411-201 Introduction to Transport Processes

620-141 Mathematics A and 620-143 Applied Mathematics or equivalent

The objectives of this subject are to understand the fundamental concepts of momentum, heat and mass transfer and to be able to apply this knowledge to the solution of problems in process engineering.

Momentum transport: Newton's law of viscosity, viscosity of gases and liquids, shear stress and momentum flux, shell momentum balances in laminar flow; Reynolds number; and boundary layer theory.

Heat Transport: Conduction; Fourier's law, thermal conductivities of gases, liquids and solids; steady state conduction through planar and cylindrical resistances; resistances in series; conduction with a heat source; shell thermal energy balances; calculation of temperature profiles in conductors; convection, concept of thermal boundary layer, definition and evaluation of heat transfer coefficients; Nusselt and Prandtl numbers; combined conduction and convection; overall heat transfer coefficients; heat exchangers, cocurrent and counter-current flow, energy balance and rate equations for simple double pipe heat exchangers.
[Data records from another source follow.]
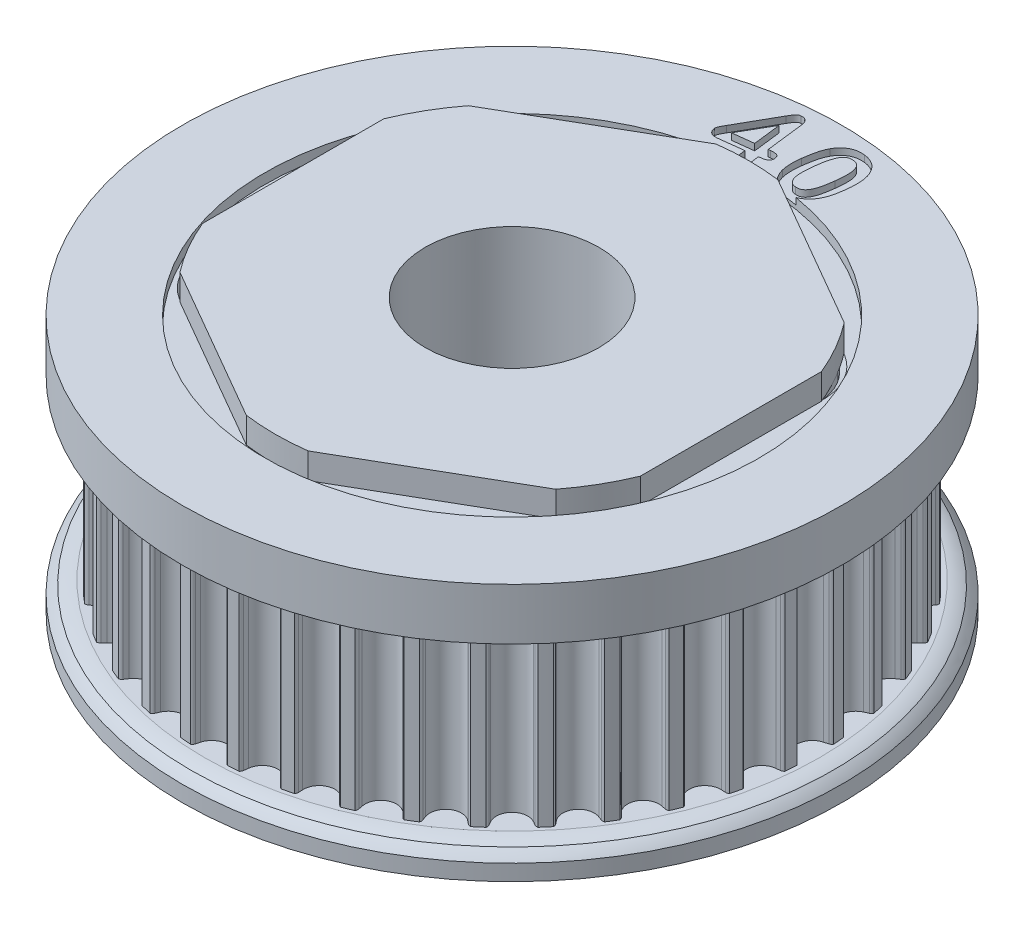
SolidWorks part; units mm, degrees
other "DetailItem2"
material "Markforged"
ref_plane "Front Plane" through (0, 0, 0) normal (0, 0, 1) x (1, 0, 0)
ref_plane "Top Plane" through (0, 0, 0) normal (0, 1, 0) x (1, 0, 0)
ref_plane "Right Plane" through (0, 0, 0) normal (1, 0, 0) x (0, 0, -1)
ref_axis "Centerline" through (0, 8.7312, 0) along (0, -1, 0)
sketch "Sketch1" plane through (0, 0, 0) normal (0, 1, 0) x (1, 0, 0)
  circle A0 centre (0, 0) radius 18.7176
  dimension "OuterDiameter" = 37.4352
extrude "ToothOD" add sketch "Sketch1" along normal mid plane 12.3825
sketch "Sketch2" plane through (0, 0, 0) normal (0, 1, 0) x (1, 0, 0)
  line L0 (0, 17.5492) -> (50000, 17.5492) construction
  line L1 (0, 18.7176) -> (50000, 18.7176) construction
  line L2 (0, 0) -> (0, 50000) construction
  arc A0 (-0.937, 18.2677) -> (0, 17.5492) centre (0, 18.5195) ccw
  arc A1 (-1.1278, 18.6836) -> (1.1278, 18.6836) centre (0, 0) cw
  circle A2 centre (0, 0) radius 18.7176 construction
  arc A3 (-0.937, 18.2677) -> (-1.0078, 18.5195) centre (-11.9754, 15.3012) ccw
  arc A4 (-1.0078, 18.5195) -> (-1.1278, 18.6836) centre (-1.2954, 18.4351) ccw
  circle A5 centre (0, 0) radius 18.7176 construction
  arc A6 (0.937, 18.2677) -> (1.0078, 18.5195) centre (11.9754, 15.3012) cw
  arc A7 (1.0078, 18.5195) -> (1.1278, 18.6836) centre (1.2954, 18.4351) cw
  arc A8 (0, 17.5492) -> (0.937, 18.2677) centre (0, 18.5195) ccw
  dimension "D1" = 1.9406
  dimension "D3" = 22.86
  dimension "D4" = 0.5994
  dimension "D2" = 1.1684
  dimension "D5" = 1.2954
extrude "ToothProfile" cut sketch "Sketch2" against normal through all both and the other way through all
pattern_circular "ToothPattern" count 40 over 360 about axis through (0, 6.1913, 0) along (0, -1, 0) of "ToothProfile"
sketch "Sketch4" plane through (0, 0, 0) normal (0, 0, 1) x (1, 0, 0)
  line L0 (0, -6.1913) -> (18.9716, -6.1913)
  line L1 (0, -7.9375) -> (20.32, -7.9375)
  line L2 (0, -7.9375) -> (0, -6.1913)
  line L3 (20.32, -7.9375) -> (20.32, -6.9532)
  line L4 (0, 0) -> (50000, 0) construction
  line L5 (20.32, 7.9375) -> (20.32, 6.9532)
  line L6 (0, 7.9375) -> (0, 6.1913)
  line L7 (0, 7.9375) -> (20.32, 7.9375)
  line L8 (0, 6.1913) -> (18.9716, 6.1913) construction
  line L9 (0, 6.1913) -> (0, 3.9688)
  line L10 (0, 3.9688) -> (18.9716, 3.9688)
  line L11 (18.9716, 3.9688) -> (20.32, 4.7473)
  line L12 (20.32, 4.7473) -> (20.32, 6.9532)
  line L13 (18.9716, 3.9688) -> (18.9716, 6.1913) construction
  arc A0 (18.9716, -6.1913) -> (19.812, -6.4452) centre (18.6641, -8.7261) cw
  arc A2 (19.812, -6.4452) -> (20.32, -6.9532) centre (17.815, -8.9503) cw
  arc A3 (19.812, 6.4452) -> (20.32, 6.9532) centre (17.815, 8.9503) ccw construction
  arc A4 (18.9716, 6.1913) -> (19.812, 6.4452) centre (18.6641, 8.7261) ccw construction
  dimension "D5" = 2.5534
  dimension "D6" = 3.2036
  dimension "FlangeID" = 18.9716
  dimension "D1" = 1.7463
  dimension "D2" = 0.9843
  dimension "D3" = 6.1913
  dimension "D4" = 15.875
  dimension "D7" = 0.762
  dimension "D8" = 0.508
  dimension "D10" = 0.508
  dimension "D9" = 20.32
  dimension "D11" = 10.16
  dimension "D12" = 30
revolve "Flange" add sketch "Sketch4" angle 360 about axis through (0, 8.7312, 0) along (0, -1, 0)
sketch "Sketch7" plane through (0, 0, 0) normal (0, -1, 0) x (1, 0, 0)
  circle A0 centre (0, 0) radius 5.3581
  dimension "D1" = 10.7163
extrude "Bore" cut sketch "Sketch7" against normal through all both and the other way through all
sketch "Sketch9" plane through (0, 7.9375, 0) normal (0, 1, 0) x (1, 0, 0)
  arc A0 (-10.7763, -10.7763) -> (10.7763, -10.7763) centre (0, 0) cw construction
  text T0 "40" font "Arial Rounded MT Bold" height 4.572
  point P3 (0, 15.24)
  dimension "D1" = 15.24
  dimension "D2" = 270
extrude "Large Tooth Count" cut sketch "Sketch9" against normal blind 0.4 and the other way through all
sketch "Sketch11" plane through (0, 7.9375, 0) normal (0, 1, 0) x (1, 0, 0)
  arc A0 (-4.8314, -4.8314) -> (4.8314, -4.8314) centre (0, 0) cw construction
  text T0 "<b>40</b>" font "Arial Rounded MT Bold" height 2.286
  point P6 (0, 6.8326)
  dimension "D4" = 6.8326
  dimension "D3" = 270
extrude "Small Tooth Count" [suppressed] cut sketch "Sketch11" against normal blind 0.4 and the other way through all
sketch "Sketch14" plane through (0, 0, 0) normal (0, 0, 1) x (1, 0, 0)
  line L0 (20.32, 7.9375) -> (-20.32, 7.9375) construction
  line L1 (0, 7.9375) -> (15.24, 7.9375)
  line L2 (0, 7.9375) -> (0, 7.3025)
  line L3 (0, 7.3025) -> (15.24, 7.3025)
  line L4 (15.24, 7.9375) -> (15.24, 7.3025)
  line L5 (0, 7.9375) -> (15.24, 7.3025) construction
  line L6 (0, 7.3025) -> (15.24, 7.9375) construction
  line L7 (-20.32, -7.9375) -> (20.32, -7.9375) construction
  line L8 (0, -7.9375) -> (15.24, -7.9375)
  line L9 (0, -7.9375) -> (0, -2.2225)
  line L10 (0, -2.2225) -> (15.24, -2.2225)
  line L11 (15.24, -7.9375) -> (15.24, -2.2225)
  line L12 (0, -7.9375) -> (15.24, -2.2225) construction
  line L13 (0, -2.2225) -> (15.24, -7.9375) construction
  line L14 (0, 0) -> (0, 50000) construction
  point P4 (7.62, 7.62)
  point P11 (7.62, -5.08)
  dimension "D1" = 9.525
  dimension "D2" = 15.24
  dimension "D3" = 10.16
revolve "Cut-Revolve1" cut sketch "Sketch14" angle 360 about L14
sketch "Sketch15" plane through (0, -7.9375, 0) normal (0, -1, 0) x (1, 0, 0)
  line L0 (0, 0) -> (0, 11.43) construction
  line L1 (-3.175, 0) -> (-3.175, 11.43)
  line L2 (3.175, 0) -> (3.175, 11.43)
  arc A0 (-3.175, 0) -> (3.175, 0) centre (0, 0) ccw
  arc A1 (3.175, 11.43) -> (-3.175, 11.43) centre (0, 11.43) ccw
  point P3 (0, 5.715)
  dimension "D1" = 3.175
  dimension "D2" = 11.43
extrude "Cut-Extrude1" cut sketch "Sketch15" against normal through all
pattern_circular "CirPattern1" count 6 over 360 about axis through (0, 7.9375, 0) along (0, -1, 0) of "Cut-Extrude1"
fillet "Fillet1" radius 3.175 6 edges at (-6.35, 2.54, 0) (-3.175, 2.54, -5.4993) (3.175, 2.54, -5.4993) (6.35, 2.54, 0) (-3.175, 2.54, 5.4993) (3.175, 2.54, 5.4993)
sketch "Sketch17" plane through (0, -2.2225, 0) normal (0, -1, 0) x (1, 0, 0)
  line L14 (3.175, 10.9985) -> (3.175, 11.43)
  line L16 (8.3112, 8.4646) -> (7.9375, 8.2489)
  line L18 (11.1125, 2.7496) -> (11.4862, 2.9654)
  line L20 (11.4862, -2.9654) -> (11.1125, -2.7496)
  line L22 (7.9375, -8.2489) -> (8.3112, -8.4646)
  line L24 (3.175, -11.43) -> (3.175, -10.9985)
  line L26 (-3.175, -10.9985) -> (-3.175, -11.43)
  line L28 (-8.3112, -8.4646) -> (-7.9375, -8.2489)
  line L30 (-11.1125, -2.7496) -> (-11.4862, -2.9654)
  line L32 (-11.4862, 2.9654) -> (-11.1125, 2.7496)
  line L34 (-7.9375, 8.2489) -> (-8.3112, 8.4646)
  line L37 (-3.175, 11.43) -> (-3.175, 10.9985)
  line L50 (3.175, 10.9985) -> (3.175, 11.43)
  line L51 (8.3112, 8.4646) -> (7.9375, 8.2489)
  line L52 (11.1125, 2.7496) -> (11.4862, 2.9654)
  line L53 (11.4862, -2.9654) -> (11.1125, -2.7496)
  line L54 (7.9375, -8.2489) -> (8.3112, -8.4646)
  line L55 (3.175, -11.43) -> (3.175, -10.9985)
  line L56 (-3.175, -10.9985) -> (-3.175, -11.43)
  line L57 (-8.3112, -8.4646) -> (-7.9375, -8.2489)
  line L58 (-11.1125, -2.7496) -> (-11.4862, -2.9654)
  line L59 (-11.4862, 2.9654) -> (-11.1125, 2.7496)
  line L60 (-7.9375, 8.2489) -> (-8.3112, 8.4646)
  line L61 (-3.175, 11.43) -> (-3.175, 10.9985)
  circle A1 centre (0, 0) radius 5.3581 construction
  circle A8 centre (0, 0) radius 5.3581
  arc A47 (3.175, 10.9985) -> (7.9375, 8.2489) centre (6.35, 10.9985) ccw
  arc A48 (11.4862, 2.9654) -> (8.3112, 8.4646) centre (9.8987, 5.715) ccw
  arc A49 (11.1125, 2.7496) -> (11.1125, -2.7496) centre (12.7, 0) ccw
  arc A50 (8.3112, -8.4646) -> (11.4862, -2.9654) centre (9.8987, -5.715) ccw
  arc A51 (7.9375, -8.2489) -> (3.175, -10.9985) centre (6.35, -10.9985) ccw
  arc A52 (-3.175, -11.43) -> (3.175, -11.43) centre (0, -11.43) ccw
  arc A53 (-3.175, -10.9985) -> (-7.9375, -8.2489) centre (-6.35, -10.9985) ccw
  arc A54 (-11.4862, -2.9654) -> (-8.3112, -8.4646) centre (-9.8987, -5.715) ccw
  arc A55 (-11.1125, -2.7496) -> (-11.1125, 2.7496) centre (-12.7, 0) ccw
  arc A56 (-8.3112, 8.4646) -> (-11.4862, 2.9654) centre (-9.8987, 5.715) ccw
  arc A57 (-7.9375, 8.2489) -> (-3.175, 10.9985) centre (-6.35, 10.9985) ccw
  arc A70 (3.175, 11.43) -> (-3.175, 11.43) centre (0, 11.43) ccw
  arc A71 (3.175, 10.9985) -> (7.9375, 8.2489) centre (6.35, 10.9985) ccw
  arc A72 (11.4862, 2.9654) -> (8.3112, 8.4646) centre (9.8987, 5.715) ccw
  arc A73 (11.1125, 2.7496) -> (11.1125, -2.7496) centre (12.7, 0) ccw
  arc A74 (8.3112, -8.4646) -> (11.4862, -2.9654) centre (9.8987, -5.715) ccw
  arc A75 (7.9375, -8.2489) -> (3.175, -10.9985) centre (6.35, -10.9985) ccw
  arc A76 (-3.175, -11.43) -> (3.175, -11.43) centre (0, -11.43) ccw
  arc A77 (-3.175, -10.9985) -> (-7.9375, -8.2489) centre (-6.35, -10.9985) ccw
  arc A78 (-11.4862, -2.9654) -> (-8.3112, -8.4646) centre (-9.8987, -5.715) ccw
  arc A79 (-11.1125, -2.7496) -> (-11.1125, 2.7496) centre (-12.7, 0) ccw
  arc A80 (-8.3112, 8.4646) -> (-11.4862, 2.9654) centre (-9.8987, 5.715) ccw
  arc A81 (-7.9375, 8.2489) -> (-3.175, 10.9985) centre (-6.35, 10.9985) ccw
  arc A82 (3.175, 11.43) -> (-3.175, 11.43) centre (0, 11.43) ccw
  dimension "D1" = 0
extrude "Boss-Extrude1" add sketch "Sketch17" against normal up to surface (9.525 mm away) separate body up to face at (0, 7.3025, 0)
sketch "Sketch21" plane through (0, -2.2225, 0) normal (0, -1, 0) x (1, 0, 0)
  circle A0 centre (0, 0) radius 7.9375
  dimension "D1" = 15.875
extrude "Cut-Extrude4" cut sketch "Sketch21" against normal blind 2.286
chamfer "Chamfer1" distance 2.54 angle 45 1 edges at (0, -7.9375, -15.24)
chamfer "Chamfer2" distance 0.635 angle 45 1 edges at (0, -2.2225, -15.24)
sketch "Sketch22" plane through (0, 7.3025, 0) normal (0, 1, 0) x (1, 0, 0)
  circle A0 centre (0, 0) radius 5.3581
  circle A1 centre (0, 0) radius 14.605
  arc A2 (8.3112, -8.4646) -> (11.4862, -2.9654) centre (9.8987, -5.715) ccw construction
  circle A3 centre (0, 0) radius 5.3581 construction
extrude "Boss-Extrude2" add sketch "Sketch22" along normal blind 1.5875 separate body
combine bodies "Combine1" operation type add bodies to combine 118 117
sketch "Sketch23" plane through (0, 7.3025, 0) normal (0, 1, 0) x (1, 0, 0)
  line L0 (7.9058, -8.3039) -> (8.2794, -8.5196)
  line L1 (11.5179, -2.9104) -> (11.1442, -2.6946)
  line L2 (11.1442, 2.6946) -> (11.5179, 2.9104)
  line L3 (8.2794, 8.5196) -> (7.9057, 8.3039)
  line L4 (3.2385, 10.9985) -> (3.2385, 11.43)
  line L5 (-3.2385, 11.43) -> (-3.2385, 10.9985)
  line L6 (-7.9058, 8.3039) -> (-8.2794, 8.5196)
  line L7 (-11.5179, 2.9104) -> (-11.1442, 2.6946)
  line L8 (-11.1442, -2.6946) -> (-11.5179, -2.9104)
  line L9 (-8.2794, -8.5196) -> (-7.9057, -8.3039)
  line L10 (-3.2385, -10.9985) -> (-3.2385, -11.43)
  line L11 (3.2385, -11.43) -> (3.2385, -10.9985)
  line L12 (7.9375, -8.2489) -> (8.3112, -8.4646)
  line L13 (3.175, -11.43) -> (3.175, -10.9985)
  line L14 (-3.175, -10.9985) -> (-3.175, -11.43)
  line L15 (-8.3112, -8.4646) -> (-7.9375, -8.2489)
  line L16 (-11.1125, -2.7496) -> (-11.4862, -2.9654)
  line L17 (-11.4862, 2.9654) -> (-11.1125, 2.7496)
  line L18 (-7.9375, 8.2489) -> (-8.3112, 8.4646)
  line L19 (-3.175, 11.43) -> (-3.175, 10.9985)
  line L20 (3.175, 10.9985) -> (3.175, 11.43)
  line L21 (8.3112, 8.4646) -> (7.9375, 8.2489)
  line L22 (11.1125, 2.7496) -> (11.4862, 2.9654)
  line L23 (11.4862, -2.9654) -> (11.1125, -2.7496)
  line L24 (7.9375, -8.2489) -> (8.3112, -8.4646)
  line L25 (3.175, -11.43) -> (3.175, -10.9985)
  line L26 (-3.175, -10.9985) -> (-3.175, -11.43)
  line L27 (-8.3112, -8.4646) -> (-7.9375, -8.2489)
  line L28 (-11.1125, -2.7496) -> (-11.4862, -2.9654)
  line L29 (-11.4862, 2.9654) -> (-11.1125, 2.7496)
  line L30 (-7.9375, 8.2489) -> (-8.3112, 8.4646)
  line L31 (-3.175, 11.43) -> (-3.175, 10.9985)
  line L32 (3.175, 10.9985) -> (3.175, 11.43)
  line L33 (8.3112, 8.4646) -> (7.9375, 8.2489)
  line L34 (11.1125, 2.7496) -> (11.4862, 2.9654)
  line L35 (11.4862, -2.9654) -> (11.1125, -2.7496)
  arc A0 (8.2794, -8.5196) -> (11.5179, -2.9104) centre (9.8987, -5.715) ccw
  arc A1 (11.1442, 2.6946) -> (11.1442, -2.6946) centre (12.7, 0) ccw
  arc A2 (11.5179, 2.9104) -> (8.2794, 8.5196) centre (9.8987, 5.715) ccw
  arc A3 (3.2385, 10.9985) -> (7.9057, 8.3039) centre (6.35, 10.9985) ccw
  arc A4 (3.2385, 11.43) -> (-3.2385, 11.43) centre (0, 11.43) ccw
  arc A5 (-7.9058, 8.3039) -> (-3.2385, 10.9985) centre (-6.35, 10.9985) ccw
  arc A6 (-8.2794, 8.5196) -> (-11.5179, 2.9104) centre (-9.8987, 5.715) ccw
  arc A7 (-11.1442, -2.6946) -> (-11.1442, 2.6946) centre (-12.7, 0) ccw
  arc A8 (-11.5179, -2.9104) -> (-8.2794, -8.5196) centre (-9.8987, -5.715) ccw
  arc A9 (-3.2385, -10.9985) -> (-7.9057, -8.3039) centre (-6.35, -10.9985) ccw
  arc A10 (-3.2385, -11.43) -> (3.2385, -11.43) centre (0, -11.43) ccw
  arc A11 (7.9058, -8.3039) -> (3.2385, -10.9985) centre (6.35, -10.9985) ccw
  arc A12 (7.9375, -8.2489) -> (3.175, -10.9985) centre (6.35, -10.9985) ccw
  arc A13 (-3.175, -11.43) -> (3.175, -11.43) centre (0, -11.43) ccw
  arc A14 (-3.175, -10.9985) -> (-7.9375, -8.2489) centre (-6.35, -10.9985) ccw
  arc A15 (-11.4862, -2.9654) -> (-8.3112, -8.4646) centre (-9.8987, -5.715) ccw
  arc A16 (-11.1125, -2.7496) -> (-11.1125, 2.7496) centre (-12.7, 0) ccw
  arc A17 (-8.3112, 8.4646) -> (-11.4862, 2.9654) centre (-9.8987, 5.715) ccw
  arc A18 (-7.9375, 8.2489) -> (-3.175, 10.9985) centre (-6.35, 10.9985) ccw
  arc A19 (3.175, 11.43) -> (-3.175, 11.43) centre (0, 11.43) ccw
  arc A20 (3.175, 10.9985) -> (7.9375, 8.2489) centre (6.35, 10.9985) ccw
  arc A21 (11.4862, 2.9654) -> (8.3112, 8.4646) centre (9.8987, 5.715) ccw
  arc A22 (11.1125, 2.7496) -> (11.1125, -2.7496) centre (12.7, 0) ccw
  arc A23 (8.3112, -8.4646) -> (11.4862, -2.9654) centre (9.8987, -5.715) ccw
  arc A24 (7.9375, -8.2489) -> (3.175, -10.9985) centre (6.35, -10.9985) ccw
  arc A25 (-3.175, -11.43) -> (3.175, -11.43) centre (0, -11.43) ccw
  arc A26 (-3.175, -10.9985) -> (-7.9375, -8.2489) centre (-6.35, -10.9985) ccw
  arc A27 (-11.4862, -2.9654) -> (-8.3112, -8.4646) centre (-9.8987, -5.715) ccw
  arc A28 (-11.1125, -2.7496) -> (-11.1125, 2.7496) centre (-12.7, 0) ccw
  arc A29 (-8.3112, 8.4646) -> (-11.4862, 2.9654) centre (-9.8987, 5.715) ccw
  arc A30 (-7.9375, 8.2489) -> (-3.175, 10.9985) centre (-6.35, 10.9985) ccw
  arc A31 (3.175, 11.43) -> (-3.175, 11.43) centre (0, 11.43) ccw
  arc A32 (3.175, 10.9985) -> (7.9375, 8.2489) centre (6.35, 10.9985) ccw
  arc A33 (11.4862, 2.9654) -> (8.3112, 8.4646) centre (9.8987, 5.715) ccw
  arc A34 (11.1125, 2.7496) -> (11.1125, -2.7496) centre (12.7, 0) ccw
  arc A35 (8.3112, -8.4646) -> (11.4862, -2.9654) centre (9.8987, -5.715) ccw
  dimension "D1" = 0
  dimension "D2" = 0.0635
extrude "Cut-Extrude5" cut sketch "Sketch23" against normal through all
chamfer "Chamfer3" distance 0.3175 angle 45 54 edges at (-4.7942, 7.3025, 8.3039) (-3.2385, 7.3025, 11.2143) (-8.0926, 7.3025, 8.4118) (0, 7.3025, 14.6685) (-12.7033, 7.3025, 7.3342) (3.2385, 7.3025, 11.2143) (-11.3311, 7.3025, 2.8025) (4.7943, 7.3025, 8.3039) (-9.5885, 7.3025, 0) (8.0926, 7.3025, 8.4118) (-11.3311, 7.3025, -2.8025) (12.7033, 7.3025, 7.3343) (-12.7033, 7.3025, -7.3343) (11.3311, 7.3025, 2.8025) (-8.0926, 7.3025, -8.4118) (9.5885, 7.3025, 0) (-4.7943, 7.3025, -8.3039) (11.3311, 7.3025, -2.8025) (-3.2385, 7.3025, -11.2143) (12.7033, 7.3025, -7.3342) (0, 7.3025, -14.6685) (8.0926, 7.3025, -8.4118) (3.2385, 7.3025, -11.2143) (4.7942, 7.3025, -8.3039) (-10.3811, -2.2225, 8.9174) (-2.5321, -2.2225, 13.449) (-8.0926, -2.2225, 8.4118) (-3.2385, -2.2225, 11.2143) (-4.7942, -2.2225, 8.3039) (2.5321, -2.2225, 13.449) (10.3811, -2.2225, 8.9174) (3.2385, -2.2225, 11.2143) (8.0926, -2.2225, 8.4118) (4.7943, -2.2225, 8.3039) (12.9132, -2.2225, 4.5316) (12.9132, -2.2225, -4.5316) (11.3311, -2.2225, 2.8025) (11.3311, -2.2225, -2.8025) (9.5885, -2.2225, 0) (10.3811, -2.2225, -8.9174) (2.5321, -2.2225, -13.449) (8.0926, -2.2225, -8.4118) (3.2385, -2.2225, -11.2143) (4.7942, -2.2225, -8.3039) (-2.5321, -2.2225, -13.449) (-10.3811, -2.2225, -8.9174) (-3.2385, -2.2225, -11.2143) (-8.0926, -2.2225, -8.4118) (-4.7943, -2.2225, -8.3039) (-12.9132, -2.2225, -4.5316) (-12.9132, -2.2225, 4.5316) (-11.3311, -2.2225, -2.8025) (-11.3311, -2.2225, 2.8025) (-9.5885, -2.2225, 0)
sketch "Sketch24" plane through (0, 8.89, 0) normal (0, 1, 0) x (1, 0, 0)
  line L1 (0, 15.5812) -> (-13.4938, 7.7906)
  line L2 (-13.4938, 7.7906) -> (-13.4938, -7.7906)
  line L3 (-13.4938, -7.7906) -> (0, -15.5812)
  line L4 (0, -15.5812) -> (13.4937, -7.7906)
  line L5 (13.4937, -7.7906) -> (13.4938, 7.7906)
  line L6 (13.4938, 7.7906) -> (0, 15.5812)
  circle A0 centre (0, 0) radius 13.4938 construction
  circle A1 centre (0, 0) radius 20.32
  circle A3 centre (0, 0) radius 20.32 construction
  dimension "D1" = 26.9875
extrude "Cut-Extrude6" cut sketch "Sketch24" against normal through all
delete or keep bodies "Body-Delete/Keep 1" [suppressed] bodies 119
delete or keep bodies "Body-Delete/Keep 2" [suppressed] type keep bodies bodies 120
delete or keep bodies "Body-Delete/Keep 3" [suppressed] type keep bodies bodies 118
equation "\"OuterDiameter@Sketch1\"= \"OD\""
equation "\"Teeth\"= \"No_Teeth\""
equation "\"PD\"= \"No_Teeth\" * 3mm / pi"
equation "\"OD\"= \"PD\" - .030"
equation "\"ToothCount@ToothPattern\" = \"Teeth\""
equation "\"Angle\"= 360 / \"Teeth\""
equation "\"AngleSpacing@ToothPattern\" = \"Angle\""
equation "\"FlangeID@Sketch4\"=\"OD\"/2+.01"
equation "\"D3@Sketch4\"=\"Tooth_Face_Length\"/2"
equation "\"Bearing_Feature\"= \"Bearing_Boss\""
equation "\"TopBearingBoss\" = IIF ( \"Bearing_Feature\" > 0 , \"unsuppressed\" , \"suppressed\" )"
equation "\"HexBore\"= \"Hex_Bore\" + \"Print_Tolerance\""
equation "\"Large Tooth Count\" = iif ( \"No_Teeth\" < \"TextTooth\" , \"suppressed\" , \"unsuppressed\" )"
equation "\"Small Tooth Count\"= iif ( \"No_Teeth\" < \"TextTooth\" , \"unsuppressed\" , \"suppressed\" )"
equation "\"BottomBearingBoss\" = iif ( \"Bearing_Feature\" > 1 , \"unsuppressed\" , \"suppressed\" )"
equation "\"ToothFaceLength@ToothOD\" = \"Tooth_Face_Length\""
equation "\"D4@Sketch4\" = \"Width_No_BearingBoss\""
equation "\"TextTooth\"= iif ( \"Hex_Bore\" <= .380 , 23 , iif ( \"Hex_Bore\" <= .505 , 25 , 16 ) )"
equation "\"D4@Sketch11\"=\"HexBore\"/2+.08"

Mass Transport: Molecular diffusion, eddy diffusion, bulk flow; definitions of concentrations, average velocities and fluxes; Fick's first law; diffusivities of gases and liquids; application to binary mixtures; equimolal counterdiffusion and diffusion through a stationary component; and two-phase mass transfer; concept of mass transfer boundary layer, Schmidt number, individual film and overall mass transfer coefficients.

• ability to apply knowledge of basic science and engineering fundamentals

• in-depth technical competence in at least one engineering discipline

• ability to undertake problem identification, formulation and solution

One written 3-hour end-of-semester examination (100%).